# 7 Footer: St.Croix vs Batson vs MHX



## JimG

Need some advice from your experienced builders: I'm going to build a couple of 7' rods, one for me and one for my fishing pardner Sonny. I've built a couple of 6'6" from that gorgeous little FTU BSRT66L, and we are both spoiled to the light weight. ( I built them as spiral micros.)

I'm looking at these blanks:

St. Croix SCv 5S70mlf-b
Batson XP842 or XSB822.5 (6'10")
MHX SJ842 (I like the white one)
FTU IM10X Chrome
FTU BSRT70L

I am open to any more suggestions you might have...thanks!!

Jim


----------



## fishin styx

Great choices.
The MHX SJ842 is a super sweet blank for inshore artificial fishing.

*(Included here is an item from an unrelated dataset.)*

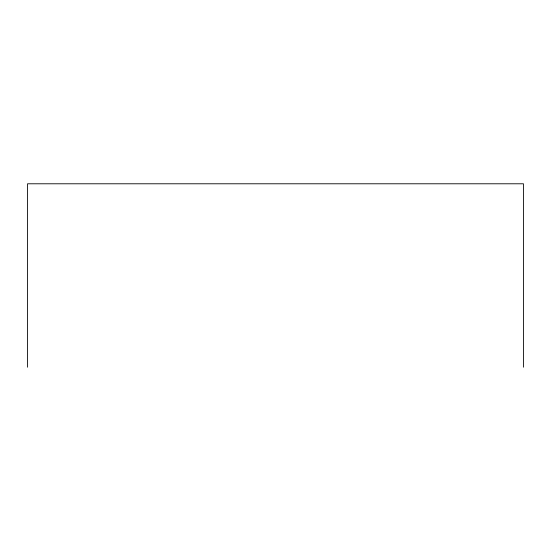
<?xml version="1.0" encoding="UTF-8"?>
<svg xmlns="http://www.w3.org/2000/svg" width="551" height="551" viewBox="0 0 551 551"><rect width="100%" height="100%" fill="white"/><g stroke="black" fill="none" stroke-linecap="round" stroke-linejoin="round"><path stroke-width="0.83" d="M523.45 367.214L523.45 183.786L27.55 183.786L27.55 367.214"/></g></svg>

I've got that blank in white in the dryer now and that is a great paint job. 

You might also want to look at the MHX High Modulus DS822, that is a true hoss of a rod blank.


----------



## Chunkn' Charlie

I have a Batson XSB 822.5 I'll sell ya for $70

I think the xsb822.5 is the best all around wadefishing blank.
Super light and extremely sensitive works tails corkys and small top waters well

The xp842 is a great tail rod but too wholly for heavier baits


----------



## xxxxxQTRODS

ftu brst70l is a very sweet rod. it is perfect for what u want to do. if u want it white u go to the hardware store and buy some apliance white epoxy or laquer in rustoleme. rub down with a scotch pad or 600 whip your blank down with some paint prep or denatured alco. then put some rubber gloves so u do not get oil on the blank and paint it.


----------



## casewilliams

I have built on all three blanks listed, batson rx 8, both of them broke on hook set,white mhx 7' ml blank was ok but not very straight, and now I'm using st.croix sc3 66mm and 66mf, hands down better than the other blanks listed. The mm weighs 2.5oz and the Mf weighs 2.9 oz I primarily fish for.flounder but have caught reds over 10 lbs on both rods with no problem.


----------



## Swampland

I'd get in touch with Charlie and snatch that 822.5 for that price. It's a great blank for the type of light action fishing you're planning on building it for.


----------



## JimG

Thanks for the replies! This site is the best...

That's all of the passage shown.